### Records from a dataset
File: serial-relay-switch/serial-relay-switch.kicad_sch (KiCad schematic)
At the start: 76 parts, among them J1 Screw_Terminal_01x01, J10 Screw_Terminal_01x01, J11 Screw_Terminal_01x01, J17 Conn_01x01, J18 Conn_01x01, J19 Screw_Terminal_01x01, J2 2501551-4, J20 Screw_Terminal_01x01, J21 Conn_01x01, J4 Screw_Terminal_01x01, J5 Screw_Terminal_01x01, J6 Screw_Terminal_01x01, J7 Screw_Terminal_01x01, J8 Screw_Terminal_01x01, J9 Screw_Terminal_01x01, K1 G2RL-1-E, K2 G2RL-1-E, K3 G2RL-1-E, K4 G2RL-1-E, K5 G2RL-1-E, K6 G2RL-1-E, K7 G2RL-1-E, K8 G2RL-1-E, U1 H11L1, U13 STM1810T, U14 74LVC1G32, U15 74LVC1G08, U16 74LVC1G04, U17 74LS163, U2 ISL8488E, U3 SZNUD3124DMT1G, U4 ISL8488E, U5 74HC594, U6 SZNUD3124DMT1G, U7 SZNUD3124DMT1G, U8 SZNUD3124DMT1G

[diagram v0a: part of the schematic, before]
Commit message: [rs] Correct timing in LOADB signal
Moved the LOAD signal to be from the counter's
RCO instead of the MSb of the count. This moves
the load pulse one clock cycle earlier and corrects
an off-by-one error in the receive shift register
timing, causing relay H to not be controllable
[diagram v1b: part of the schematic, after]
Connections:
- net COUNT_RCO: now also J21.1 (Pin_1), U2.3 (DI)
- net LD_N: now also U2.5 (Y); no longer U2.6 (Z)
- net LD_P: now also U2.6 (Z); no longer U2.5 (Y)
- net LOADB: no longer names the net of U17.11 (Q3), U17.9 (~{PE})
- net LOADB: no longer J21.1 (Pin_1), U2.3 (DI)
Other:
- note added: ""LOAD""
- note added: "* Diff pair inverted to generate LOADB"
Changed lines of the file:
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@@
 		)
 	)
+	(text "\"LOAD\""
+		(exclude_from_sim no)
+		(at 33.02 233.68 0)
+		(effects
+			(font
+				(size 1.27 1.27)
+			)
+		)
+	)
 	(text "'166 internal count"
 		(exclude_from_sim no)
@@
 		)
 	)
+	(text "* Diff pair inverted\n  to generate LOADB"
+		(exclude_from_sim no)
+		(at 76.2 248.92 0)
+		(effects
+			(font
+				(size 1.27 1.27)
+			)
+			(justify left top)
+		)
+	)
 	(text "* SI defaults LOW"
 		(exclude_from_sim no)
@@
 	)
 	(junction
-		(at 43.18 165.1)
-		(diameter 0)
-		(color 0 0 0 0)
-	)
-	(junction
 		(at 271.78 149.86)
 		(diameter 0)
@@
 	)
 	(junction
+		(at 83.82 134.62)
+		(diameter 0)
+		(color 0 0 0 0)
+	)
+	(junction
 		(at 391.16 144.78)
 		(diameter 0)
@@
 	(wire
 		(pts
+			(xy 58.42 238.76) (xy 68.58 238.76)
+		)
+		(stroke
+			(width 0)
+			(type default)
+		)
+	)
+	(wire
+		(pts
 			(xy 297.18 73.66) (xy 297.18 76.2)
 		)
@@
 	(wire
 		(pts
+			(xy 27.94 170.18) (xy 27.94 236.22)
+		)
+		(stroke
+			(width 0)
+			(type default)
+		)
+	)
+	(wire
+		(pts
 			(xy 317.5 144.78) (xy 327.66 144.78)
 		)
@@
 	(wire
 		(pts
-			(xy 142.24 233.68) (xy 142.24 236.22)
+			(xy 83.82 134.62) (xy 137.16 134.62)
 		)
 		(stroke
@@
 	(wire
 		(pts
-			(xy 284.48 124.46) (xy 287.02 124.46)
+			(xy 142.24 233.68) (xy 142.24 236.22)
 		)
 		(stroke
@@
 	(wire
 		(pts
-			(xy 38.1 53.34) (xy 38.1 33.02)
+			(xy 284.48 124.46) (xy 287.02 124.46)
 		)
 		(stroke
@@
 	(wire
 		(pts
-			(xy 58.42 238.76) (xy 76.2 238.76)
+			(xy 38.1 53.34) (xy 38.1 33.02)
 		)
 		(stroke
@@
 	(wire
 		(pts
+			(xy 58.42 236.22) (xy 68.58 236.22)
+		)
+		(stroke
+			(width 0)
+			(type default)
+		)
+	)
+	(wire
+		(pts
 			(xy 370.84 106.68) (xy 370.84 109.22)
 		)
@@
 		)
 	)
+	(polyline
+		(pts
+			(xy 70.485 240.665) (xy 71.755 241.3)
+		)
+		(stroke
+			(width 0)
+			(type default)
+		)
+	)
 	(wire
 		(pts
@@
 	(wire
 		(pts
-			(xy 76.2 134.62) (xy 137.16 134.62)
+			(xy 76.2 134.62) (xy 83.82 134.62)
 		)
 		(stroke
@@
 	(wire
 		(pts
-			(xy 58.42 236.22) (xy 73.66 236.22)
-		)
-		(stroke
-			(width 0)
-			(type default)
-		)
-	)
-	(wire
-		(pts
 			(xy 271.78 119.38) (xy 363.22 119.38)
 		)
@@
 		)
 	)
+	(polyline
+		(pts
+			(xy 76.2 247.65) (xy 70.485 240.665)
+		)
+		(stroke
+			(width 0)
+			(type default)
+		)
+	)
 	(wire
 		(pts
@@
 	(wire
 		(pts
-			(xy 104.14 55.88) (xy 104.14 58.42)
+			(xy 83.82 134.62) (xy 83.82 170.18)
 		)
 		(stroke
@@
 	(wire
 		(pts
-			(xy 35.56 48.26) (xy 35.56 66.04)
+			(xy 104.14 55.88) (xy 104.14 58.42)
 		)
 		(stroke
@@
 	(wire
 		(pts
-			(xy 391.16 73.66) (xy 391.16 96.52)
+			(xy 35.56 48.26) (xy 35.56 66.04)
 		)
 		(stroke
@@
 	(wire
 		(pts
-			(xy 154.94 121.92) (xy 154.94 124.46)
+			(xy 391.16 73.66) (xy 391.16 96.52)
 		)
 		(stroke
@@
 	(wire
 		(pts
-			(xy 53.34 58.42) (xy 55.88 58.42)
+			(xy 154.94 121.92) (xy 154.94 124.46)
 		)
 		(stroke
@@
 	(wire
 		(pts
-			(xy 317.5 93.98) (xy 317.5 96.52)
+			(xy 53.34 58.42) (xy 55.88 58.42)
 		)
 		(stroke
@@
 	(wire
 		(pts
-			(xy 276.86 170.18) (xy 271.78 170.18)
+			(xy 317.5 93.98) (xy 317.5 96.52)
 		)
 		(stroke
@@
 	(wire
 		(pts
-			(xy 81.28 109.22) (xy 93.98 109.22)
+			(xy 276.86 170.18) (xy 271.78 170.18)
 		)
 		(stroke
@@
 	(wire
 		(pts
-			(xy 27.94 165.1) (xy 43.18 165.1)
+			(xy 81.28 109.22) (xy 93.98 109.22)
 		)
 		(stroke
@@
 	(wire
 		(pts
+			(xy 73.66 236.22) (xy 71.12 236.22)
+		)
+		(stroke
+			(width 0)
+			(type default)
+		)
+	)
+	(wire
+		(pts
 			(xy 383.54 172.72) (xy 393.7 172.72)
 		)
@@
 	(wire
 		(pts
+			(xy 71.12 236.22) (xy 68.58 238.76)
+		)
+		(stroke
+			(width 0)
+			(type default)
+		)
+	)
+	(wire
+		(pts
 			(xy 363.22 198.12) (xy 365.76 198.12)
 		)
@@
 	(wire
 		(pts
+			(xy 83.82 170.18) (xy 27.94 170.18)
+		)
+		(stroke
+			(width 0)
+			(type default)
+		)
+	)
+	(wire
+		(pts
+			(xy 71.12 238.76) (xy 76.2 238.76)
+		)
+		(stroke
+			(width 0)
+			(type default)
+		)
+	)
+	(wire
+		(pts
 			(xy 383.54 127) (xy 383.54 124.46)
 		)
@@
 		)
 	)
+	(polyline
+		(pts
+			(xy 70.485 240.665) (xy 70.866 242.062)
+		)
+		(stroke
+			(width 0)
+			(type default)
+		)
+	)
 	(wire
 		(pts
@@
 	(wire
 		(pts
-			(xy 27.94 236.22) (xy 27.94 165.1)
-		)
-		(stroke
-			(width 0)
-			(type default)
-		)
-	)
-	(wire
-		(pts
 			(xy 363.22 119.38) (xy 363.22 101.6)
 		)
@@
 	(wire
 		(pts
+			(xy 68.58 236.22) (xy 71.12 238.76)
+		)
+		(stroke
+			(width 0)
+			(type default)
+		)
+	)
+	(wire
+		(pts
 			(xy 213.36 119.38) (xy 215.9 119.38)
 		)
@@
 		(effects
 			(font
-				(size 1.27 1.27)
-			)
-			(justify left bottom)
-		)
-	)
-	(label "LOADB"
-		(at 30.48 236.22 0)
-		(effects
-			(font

### Requirement
From the line containing "(xy 363.22 198.12) (xy 365.76 198.12)" through the last line of the records, output each line exactly and nothing more.

### Response box
 			(xy 363.22 198.12) (xy 365.76 198.12)
 		)
@@
 	(wire
 		(pts
+			(xy 83.82 170.18) (xy 27.94 170.18)
+		)
+		(stroke
+			(width 0)
+			(type default)
+		)
+	)
+	(wire
+		(pts
+			(xy 71.12 238.76) (xy 76.2 238.76)
+		)
+		(stroke
+			(width 0)
+			(type default)
+		)
+	)
+	(wire
+		(pts
 			(xy 383.54 127) (xy 383.54 124.46)
 		)
@@
 		)
 	)
+	(polyline
+		(pts
+			(xy 70.485 240.665) (xy 70.866 242.062)
+		)
+		(stroke
+			(width 0)
+			(type default)
+		)
+	)
 	(wire
 		(pts
@@
 	(wire
 		(pts
-			(xy 27.94 236.22) (xy 27.94 165.1)
-		)
-		(stroke
-			(width 0)
-			(type default)
-		)
-	)
-	(wire
-		(pts
 			(xy 363.22 119.38) (xy 363.22 101.6)
 		)
@@
 	(wire
 		(pts
+			(xy 68.58 236.22) (xy 71.12 238.76)
+		)
+		(stroke
+			(width 0)
+			(type default)
+		)
+	)
+	(wire
+		(pts
 			(xy 213.36 119.38) (xy 215.9 119.38)
 		)
@@
 		(effects
 			(font
-				(size 1.27 1.27)
-			)
-			(justify left bottom)
-		)
-	)
-	(label "LOADB"
-		(at 30.48 236.22 0)
-		(effects
-			(font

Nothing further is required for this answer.